Котовский этот, как рассказывали Илье уцелевшие сотрудники Смоленского областного музея, играл ключевую роль в известной чистке в начале тридцатых годов, когда все лучшие кадры были выметены железной беспощадной метлой. Ну а кого не вымели – так сильно подрали, изранили. На то и метла чистильщика. Так что Котовского Боря Желницкий, актер драмтеатра, с которым дружил Илья, после одной-другой заздравной чаши называл только так: «Кот, брат Ежа». Намекая на исчезнувшего год назад наркома… Это было, конечно, хмельным преувеличением. Но Борьку Желну, как его звали, – а он и впрямь чем-то напоминал черного дятла – такой же стремительный, с большим горбатым клювом-носом, чернявый, – Борьку Желну уже было не остановить, и он напевал из Джамбула:
В сверкании молний ты стал нам знаком,
Ежов, зоркоглазый и умный нарком.
Великого Ленина мудрое слово
Растило для битвы героя Ежова[7].
И они смеялись, обыгрывая эту рифму: нарком – знаком, – правильно-то было: знáком и тогда нáрком.
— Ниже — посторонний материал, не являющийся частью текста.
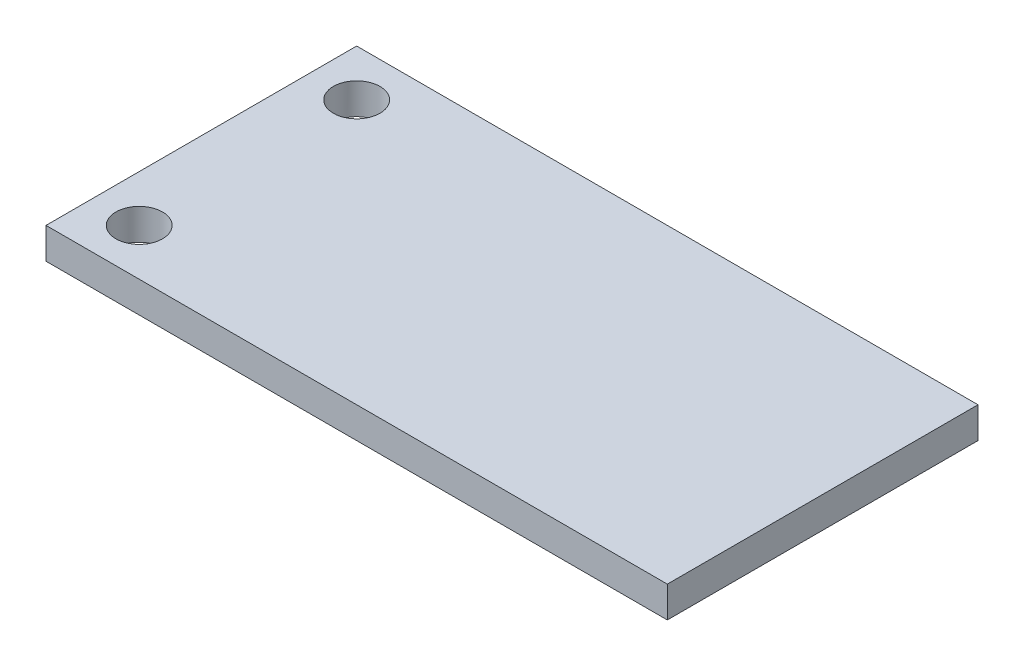
from build123d import *

# Parameters (mm, degrees)
SKETCH2_W           = 40
SKETCH2_H           = 20
BOSS_EXTRUDE1_DEPTH = 2
CUT_EXTRUDE1_REACH  = 46.766
SKETCH3_R           = 1.5


with BuildPart() as part:
    # Sketch2 → Boss-Extrude1 (new body)
    with BuildSketch(Plane(origin=(0, 0, 0), x_dir=(1, 0, 0), z_dir=(0, 1, 0))):
        with Locations((20, 10)):
            Rectangle(SKETCH2_W, SKETCH2_H)
    extrude(amount=BOSS_EXTRUDE1_DEPTH)

    # Sketch3 → Cut-Extrude1 (cut, up to next)
    with BuildSketch(Plane(origin=(0, 2, 0), x_dir=(1, 0, 0), z_dir=(0, 1, 0)), mode=Mode.PRIVATE) as cut_extrude1_sk1:
        with Locations(Location((3, 17, 0), (0, 0, 270))):
            Circle(SKETCH3_R)
    cut_extrude1_tool1 = extrude(cut_extrude1_sk1.sketch, amount=-CUT_EXTRUDE1_REACH, mode=Mode.PRIVATE) & part.part
    cut_extrude1 = cut_extrude1_tool1.solids().sort_by_distance((3, 2, -17))[0]
    add(cut_extrude1, mode=Mode.SUBTRACT)

    # Mirror1: Cut-Extrude1 across plane
    add(cut_extrude1.mirror(Plane(origin=(0, 0, -10), x_dir=(1, 0, 0), z_dir=(0, 0, -1))), mode=Mode.SUBTRACT)


solid = part.part
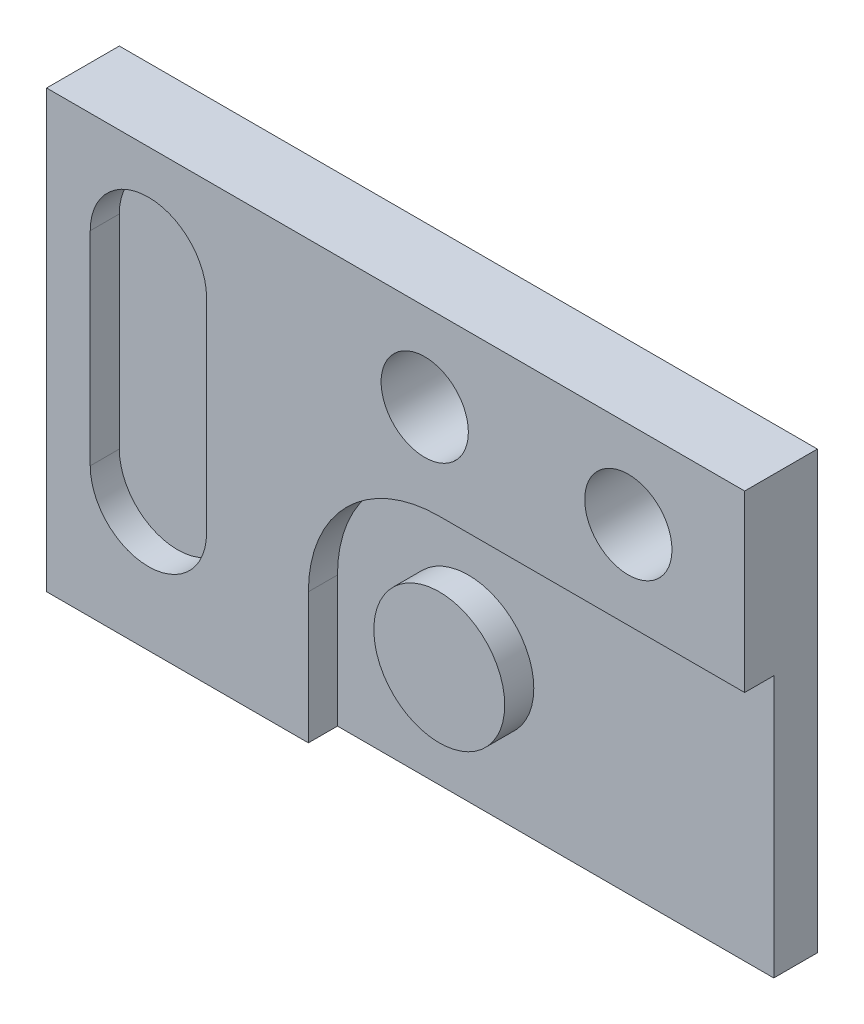
from build123d import *

# Parameters (mm, degrees)
SKETCH1_W           = 240
SKETCH1_H           = 150
BOSS_EXTRUDE1_DEPTH = 25
SKETCH2_R           = 15
SKETCH2_R_2         = 22.5
CUT_EXTRUDE1_DEPTH  = 10
SKETCH3_R           = 15
CUT_EXTRUDE2_DEPTH  = 143.302494708


with BuildPart() as part:
    # Sketch1 → Boss-Extrude1 (new body)
    with BuildSketch(Plane.XY):
        Rectangle(SKETCH1_W, SKETCH1_H)
    extrude(amount=BOSS_EXTRUDE1_DEPTH)

    # Sketch2 → Cut-Extrude1 (cut)
    # profile 1 of 4: a face of its own
    with BuildSketch(Plane.XY.offset(25)):
        with Locations((10, 45)):
            Circle(SKETCH2_R)
    # profile 2 of 4: a face of its own
    with BuildSketch(Plane.XY.offset(25)):
        with Locations((80, 45)):
            Circle(SKETCH2_R)
    # profile 3 of 4: a face of its own
    with BuildSketch(Plane.XY.offset(25)):
        with BuildLine():
            Line((-105, -30), (-105, 40))
            ThreePointArc((-105, 40), (-85, 60), (-65, 40))
            Line((-65, 40), (-65, -30))
            ThreePointArc((-65, -30), (-85, -50), (-105, -30))
        make_face()
    # profile 4 of 4: a face of its own
    with BuildSketch(Plane.XY.offset(25)):
        with BuildLine():
            Line((15, 15), (120, 15))
            Line((120, 15), (120, -75))
            Line((120, -75), (-30, -75))
            Line((-30, -75), (-30, -30))
            ThreePointArc((-30, -30), (-16.819805153, 1.819805153), (15, 15))
        make_face()
        with Locations((15, -30)):
            Circle(SKETCH2_R_2, mode=Mode.SUBTRACT)
    extrude(amount=-CUT_EXTRUDE1_DEPTH, mode=Mode.SUBTRACT)

    # Sketch3 → Cut-Extrude2 (cut, through all)
    with BuildSketch(Plane.XY.offset(15)):
        with Locations((10, 45)):
            Circle(SKETCH3_R)
        with Locations((80, 45)):
            Circle(SKETCH3_R)
    extrude(amount=-CUT_EXTRUDE2_DEPTH, mode=Mode.SUBTRACT)


solid = part.part

Илья говорил, что Котовский – настоящий, а не фальшивый Гузьменков, – почтил своим присутствием Смоленск: когда его, известного налетчика, главаря вооруженной шайки, переправляли по этапу, то привезли и в Смоленскую тюрьму.
Во всем Смоленске только этому Борьке Илья и доверял. Борька был то ли еврей, то ли цыган. Но для еврея он, был, пожалуй, слишком резок, а для цыгана – несребролюбив. Родителей своих он потерял в три или четыре года, оба умерли от тифа в Брянске, оттуда его забрала смоленская бабушка, мать его отца. Бабушка рассказала, что в жилах матери Борьки текла кровь не еврейская и не цыганская, а греческая: дед матери был грек.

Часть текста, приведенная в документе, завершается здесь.